Items from a data source:
====

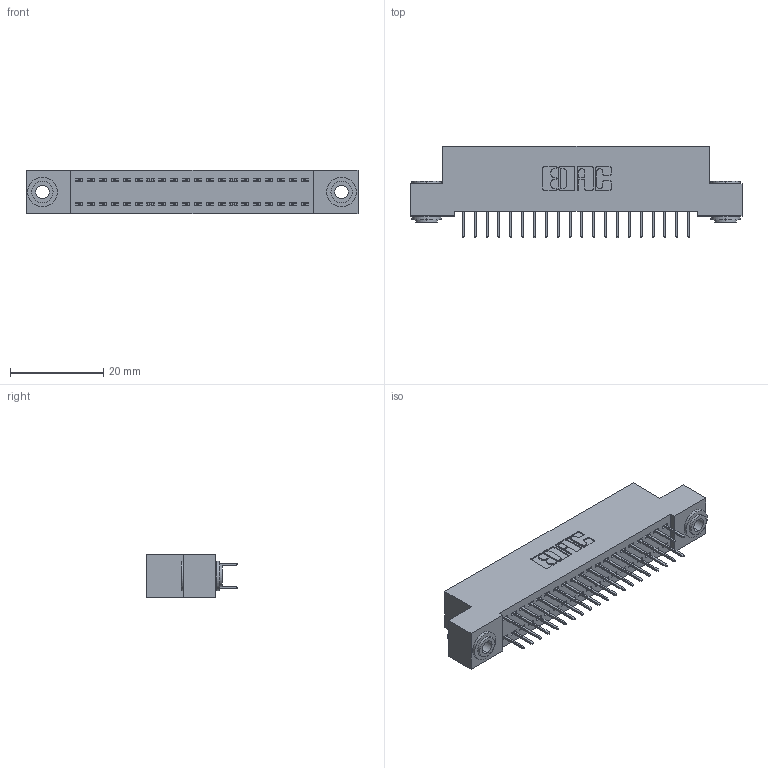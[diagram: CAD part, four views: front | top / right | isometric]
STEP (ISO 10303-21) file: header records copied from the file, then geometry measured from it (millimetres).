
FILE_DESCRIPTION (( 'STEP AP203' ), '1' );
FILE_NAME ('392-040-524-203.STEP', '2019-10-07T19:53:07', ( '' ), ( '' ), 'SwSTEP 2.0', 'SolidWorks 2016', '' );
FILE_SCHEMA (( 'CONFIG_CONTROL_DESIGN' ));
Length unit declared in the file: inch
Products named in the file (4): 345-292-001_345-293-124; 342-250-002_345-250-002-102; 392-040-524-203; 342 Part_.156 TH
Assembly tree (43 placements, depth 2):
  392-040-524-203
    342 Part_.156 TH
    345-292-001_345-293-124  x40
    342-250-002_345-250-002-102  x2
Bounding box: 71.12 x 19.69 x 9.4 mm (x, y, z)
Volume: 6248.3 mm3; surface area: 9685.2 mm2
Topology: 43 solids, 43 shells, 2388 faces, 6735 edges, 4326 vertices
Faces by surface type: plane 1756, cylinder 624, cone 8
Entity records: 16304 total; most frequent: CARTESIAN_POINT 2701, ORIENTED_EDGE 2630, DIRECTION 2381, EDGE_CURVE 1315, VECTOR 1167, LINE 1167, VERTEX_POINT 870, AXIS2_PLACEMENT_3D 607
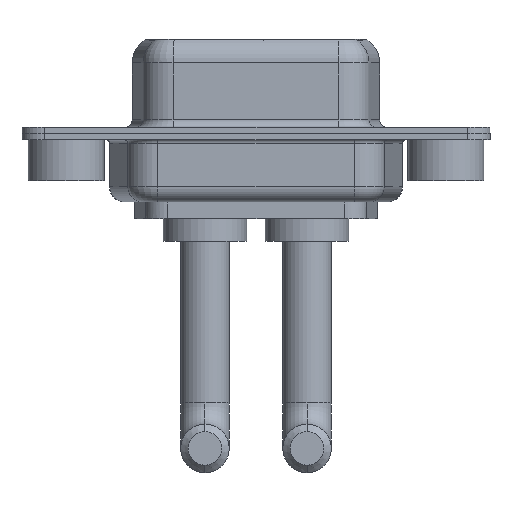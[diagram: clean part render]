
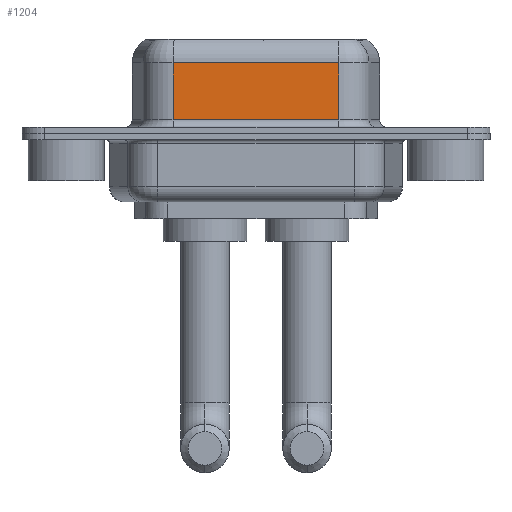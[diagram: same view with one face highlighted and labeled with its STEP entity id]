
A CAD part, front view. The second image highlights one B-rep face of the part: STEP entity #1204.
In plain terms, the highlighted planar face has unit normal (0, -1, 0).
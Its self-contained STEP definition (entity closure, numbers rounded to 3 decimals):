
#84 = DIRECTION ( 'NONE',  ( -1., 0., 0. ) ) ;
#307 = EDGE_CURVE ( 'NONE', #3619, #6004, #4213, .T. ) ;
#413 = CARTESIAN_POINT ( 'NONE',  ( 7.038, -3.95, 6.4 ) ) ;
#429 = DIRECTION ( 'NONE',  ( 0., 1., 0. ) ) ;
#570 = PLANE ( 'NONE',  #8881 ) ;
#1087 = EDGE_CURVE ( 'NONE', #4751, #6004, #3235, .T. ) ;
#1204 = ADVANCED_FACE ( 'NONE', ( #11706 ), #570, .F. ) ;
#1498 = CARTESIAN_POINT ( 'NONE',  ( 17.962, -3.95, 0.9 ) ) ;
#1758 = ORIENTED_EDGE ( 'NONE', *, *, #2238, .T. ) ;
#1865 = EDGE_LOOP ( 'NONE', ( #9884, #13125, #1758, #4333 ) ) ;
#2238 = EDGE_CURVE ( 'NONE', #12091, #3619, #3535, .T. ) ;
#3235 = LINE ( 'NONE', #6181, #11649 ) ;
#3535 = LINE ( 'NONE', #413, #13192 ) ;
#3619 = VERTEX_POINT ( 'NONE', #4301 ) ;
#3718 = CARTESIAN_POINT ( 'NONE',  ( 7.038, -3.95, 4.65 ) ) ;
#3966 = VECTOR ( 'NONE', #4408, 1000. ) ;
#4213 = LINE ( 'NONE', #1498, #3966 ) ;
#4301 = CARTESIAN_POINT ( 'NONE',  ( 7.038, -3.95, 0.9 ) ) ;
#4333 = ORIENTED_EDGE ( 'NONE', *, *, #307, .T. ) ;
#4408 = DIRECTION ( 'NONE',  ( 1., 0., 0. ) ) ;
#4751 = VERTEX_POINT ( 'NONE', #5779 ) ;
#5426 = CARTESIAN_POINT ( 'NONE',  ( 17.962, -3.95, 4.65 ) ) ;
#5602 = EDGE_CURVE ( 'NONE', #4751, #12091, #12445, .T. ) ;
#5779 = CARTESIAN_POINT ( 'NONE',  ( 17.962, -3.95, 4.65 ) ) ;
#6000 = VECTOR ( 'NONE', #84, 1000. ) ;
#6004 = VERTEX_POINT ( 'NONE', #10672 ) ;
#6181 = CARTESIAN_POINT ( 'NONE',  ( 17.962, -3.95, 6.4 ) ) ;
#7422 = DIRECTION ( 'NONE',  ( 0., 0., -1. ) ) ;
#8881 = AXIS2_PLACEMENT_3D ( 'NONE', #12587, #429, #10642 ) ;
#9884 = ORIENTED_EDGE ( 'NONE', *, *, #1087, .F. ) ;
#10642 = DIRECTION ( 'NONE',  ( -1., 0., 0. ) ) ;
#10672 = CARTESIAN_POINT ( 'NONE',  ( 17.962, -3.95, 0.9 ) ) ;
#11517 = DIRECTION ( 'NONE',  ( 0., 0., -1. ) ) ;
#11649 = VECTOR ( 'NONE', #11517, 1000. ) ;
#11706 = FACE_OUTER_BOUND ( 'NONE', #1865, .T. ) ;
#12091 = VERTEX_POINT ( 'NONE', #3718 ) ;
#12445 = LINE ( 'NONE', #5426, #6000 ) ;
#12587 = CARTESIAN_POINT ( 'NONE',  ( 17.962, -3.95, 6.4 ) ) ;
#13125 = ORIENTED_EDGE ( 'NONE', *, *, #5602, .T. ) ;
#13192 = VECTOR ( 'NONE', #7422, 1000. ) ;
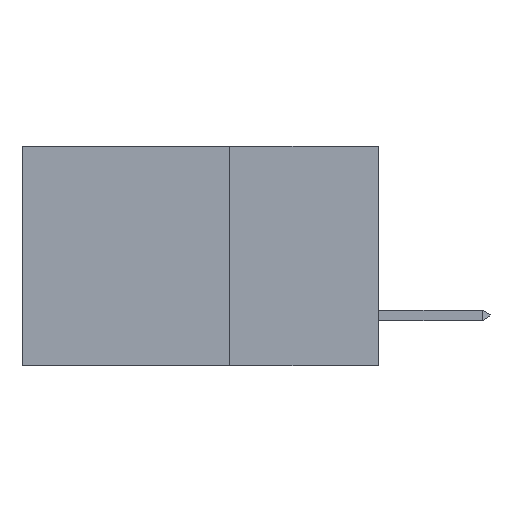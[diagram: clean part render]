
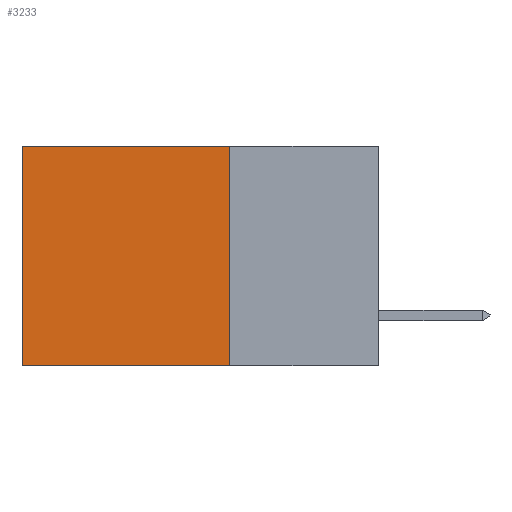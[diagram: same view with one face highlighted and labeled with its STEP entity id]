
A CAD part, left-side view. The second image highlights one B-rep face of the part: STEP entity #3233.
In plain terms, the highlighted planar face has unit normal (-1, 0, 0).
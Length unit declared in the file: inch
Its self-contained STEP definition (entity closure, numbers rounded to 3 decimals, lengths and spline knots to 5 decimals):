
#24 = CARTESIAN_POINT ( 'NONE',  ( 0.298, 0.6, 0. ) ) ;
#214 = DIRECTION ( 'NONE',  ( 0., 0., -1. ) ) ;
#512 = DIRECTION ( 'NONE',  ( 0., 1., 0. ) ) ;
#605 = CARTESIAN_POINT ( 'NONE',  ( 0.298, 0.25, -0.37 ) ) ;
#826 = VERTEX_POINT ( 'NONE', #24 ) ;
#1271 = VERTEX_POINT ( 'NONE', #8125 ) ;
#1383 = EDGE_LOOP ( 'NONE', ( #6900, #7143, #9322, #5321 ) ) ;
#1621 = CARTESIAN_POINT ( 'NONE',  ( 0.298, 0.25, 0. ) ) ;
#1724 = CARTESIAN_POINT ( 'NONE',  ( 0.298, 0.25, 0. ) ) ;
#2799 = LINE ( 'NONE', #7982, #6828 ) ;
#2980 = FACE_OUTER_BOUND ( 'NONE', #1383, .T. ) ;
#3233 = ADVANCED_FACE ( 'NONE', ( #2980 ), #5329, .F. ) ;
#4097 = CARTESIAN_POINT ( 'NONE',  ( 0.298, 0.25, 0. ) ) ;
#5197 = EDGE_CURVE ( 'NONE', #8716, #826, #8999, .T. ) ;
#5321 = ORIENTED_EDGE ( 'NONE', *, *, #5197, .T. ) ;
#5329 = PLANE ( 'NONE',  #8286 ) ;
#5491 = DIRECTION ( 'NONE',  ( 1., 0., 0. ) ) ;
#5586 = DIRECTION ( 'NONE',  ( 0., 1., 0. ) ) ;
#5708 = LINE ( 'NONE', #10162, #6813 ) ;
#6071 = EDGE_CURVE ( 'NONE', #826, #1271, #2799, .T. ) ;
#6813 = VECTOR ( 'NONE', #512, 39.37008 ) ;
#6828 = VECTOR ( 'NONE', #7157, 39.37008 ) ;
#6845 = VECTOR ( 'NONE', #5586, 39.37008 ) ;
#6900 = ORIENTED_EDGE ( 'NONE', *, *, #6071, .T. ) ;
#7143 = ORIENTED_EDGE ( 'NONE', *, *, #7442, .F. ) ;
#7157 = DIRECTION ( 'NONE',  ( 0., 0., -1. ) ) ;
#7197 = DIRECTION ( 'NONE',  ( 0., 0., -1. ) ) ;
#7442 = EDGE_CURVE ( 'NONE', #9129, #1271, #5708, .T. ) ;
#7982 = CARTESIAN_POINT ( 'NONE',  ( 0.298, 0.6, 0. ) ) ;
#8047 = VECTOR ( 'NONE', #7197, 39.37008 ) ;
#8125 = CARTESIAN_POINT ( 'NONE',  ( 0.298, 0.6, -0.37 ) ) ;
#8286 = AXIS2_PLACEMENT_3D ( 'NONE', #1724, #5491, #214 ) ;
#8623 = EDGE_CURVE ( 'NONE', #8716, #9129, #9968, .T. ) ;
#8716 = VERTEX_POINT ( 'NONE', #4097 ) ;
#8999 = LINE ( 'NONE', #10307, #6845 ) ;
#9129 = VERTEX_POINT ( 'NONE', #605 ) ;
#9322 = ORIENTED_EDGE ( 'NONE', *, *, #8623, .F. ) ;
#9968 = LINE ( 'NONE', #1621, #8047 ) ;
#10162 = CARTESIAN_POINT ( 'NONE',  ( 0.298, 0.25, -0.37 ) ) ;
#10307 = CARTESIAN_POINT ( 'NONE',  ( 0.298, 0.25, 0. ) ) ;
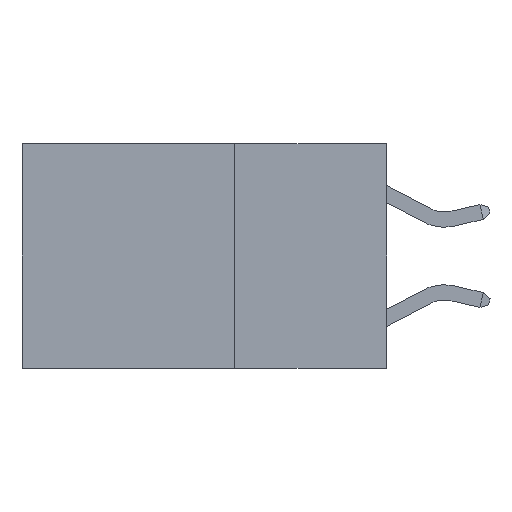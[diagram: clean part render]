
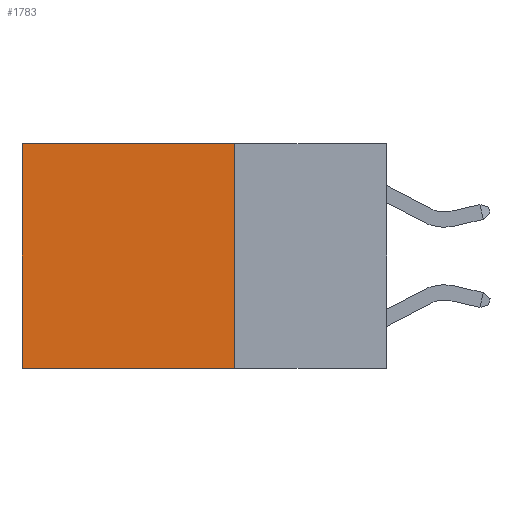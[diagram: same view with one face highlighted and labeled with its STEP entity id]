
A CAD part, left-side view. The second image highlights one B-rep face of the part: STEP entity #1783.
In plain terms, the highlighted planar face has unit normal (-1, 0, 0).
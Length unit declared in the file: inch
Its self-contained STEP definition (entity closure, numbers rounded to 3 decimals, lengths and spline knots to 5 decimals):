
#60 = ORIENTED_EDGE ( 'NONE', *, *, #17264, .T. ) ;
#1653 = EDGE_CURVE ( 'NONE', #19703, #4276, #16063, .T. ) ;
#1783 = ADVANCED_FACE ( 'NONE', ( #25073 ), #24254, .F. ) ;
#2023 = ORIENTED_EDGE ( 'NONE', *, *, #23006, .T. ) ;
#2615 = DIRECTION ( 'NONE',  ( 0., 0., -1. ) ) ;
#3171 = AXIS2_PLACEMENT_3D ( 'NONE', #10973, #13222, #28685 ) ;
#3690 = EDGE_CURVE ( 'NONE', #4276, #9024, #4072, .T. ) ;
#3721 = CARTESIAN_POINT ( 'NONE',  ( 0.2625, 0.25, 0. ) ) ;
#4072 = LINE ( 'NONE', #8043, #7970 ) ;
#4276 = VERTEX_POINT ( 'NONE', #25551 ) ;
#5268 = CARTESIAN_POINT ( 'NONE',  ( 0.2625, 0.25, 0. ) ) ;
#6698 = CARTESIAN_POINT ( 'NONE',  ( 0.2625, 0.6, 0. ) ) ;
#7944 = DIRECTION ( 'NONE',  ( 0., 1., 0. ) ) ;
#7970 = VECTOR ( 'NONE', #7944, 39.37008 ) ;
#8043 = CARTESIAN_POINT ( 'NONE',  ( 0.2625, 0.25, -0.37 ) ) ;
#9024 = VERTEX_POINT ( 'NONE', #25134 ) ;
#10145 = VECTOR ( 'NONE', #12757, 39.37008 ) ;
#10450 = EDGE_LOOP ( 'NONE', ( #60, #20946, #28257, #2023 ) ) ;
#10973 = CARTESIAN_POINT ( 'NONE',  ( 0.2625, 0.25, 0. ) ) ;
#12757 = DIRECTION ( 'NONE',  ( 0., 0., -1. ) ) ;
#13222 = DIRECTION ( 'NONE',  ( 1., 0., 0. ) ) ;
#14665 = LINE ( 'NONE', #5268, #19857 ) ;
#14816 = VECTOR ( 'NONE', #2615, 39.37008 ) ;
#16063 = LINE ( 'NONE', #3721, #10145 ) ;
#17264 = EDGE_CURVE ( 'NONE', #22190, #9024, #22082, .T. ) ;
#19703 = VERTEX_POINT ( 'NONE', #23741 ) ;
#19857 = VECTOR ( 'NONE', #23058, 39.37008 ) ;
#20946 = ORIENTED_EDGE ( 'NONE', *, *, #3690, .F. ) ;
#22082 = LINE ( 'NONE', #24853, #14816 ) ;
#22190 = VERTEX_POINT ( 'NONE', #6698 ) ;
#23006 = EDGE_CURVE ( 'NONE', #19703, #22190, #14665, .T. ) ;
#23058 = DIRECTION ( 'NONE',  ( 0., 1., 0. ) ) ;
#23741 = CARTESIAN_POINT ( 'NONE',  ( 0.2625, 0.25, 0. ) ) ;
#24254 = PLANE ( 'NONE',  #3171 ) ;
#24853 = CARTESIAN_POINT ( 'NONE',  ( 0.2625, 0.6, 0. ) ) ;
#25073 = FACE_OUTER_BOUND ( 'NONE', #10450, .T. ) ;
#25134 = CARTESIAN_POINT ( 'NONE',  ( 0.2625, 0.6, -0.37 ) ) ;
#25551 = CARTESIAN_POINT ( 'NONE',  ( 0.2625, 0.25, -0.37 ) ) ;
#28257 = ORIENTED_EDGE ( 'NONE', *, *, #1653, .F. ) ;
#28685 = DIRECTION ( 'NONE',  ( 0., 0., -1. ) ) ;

====

Starting at the line that has "#23058 = DIRECTION" and ending at the line that has "#25134 = CARTESIAN_POINT", please write out the lines above exactly, leaving out all others.

#23058 = DIRECTION ( 'NONE',  ( 0., 1., 0. ) ) ;
#23741 = CARTESIAN_POINT ( 'NONE',  ( 0.2625, 0.25, 0. ) ) ;
#24254 = PLANE ( 'NONE',  #3171 ) ;
#24853 = CARTESIAN_POINT ( 'NONE',  ( 0.2625, 0.6, 0. ) ) ;
#25073 = FACE_OUTER_BOUND ( 'NONE', #10450, .T. ) ;
#25134 = CARTESIAN_POINT ( 'NONE',  ( 0.2625, 0.6, -0.37 ) ) ;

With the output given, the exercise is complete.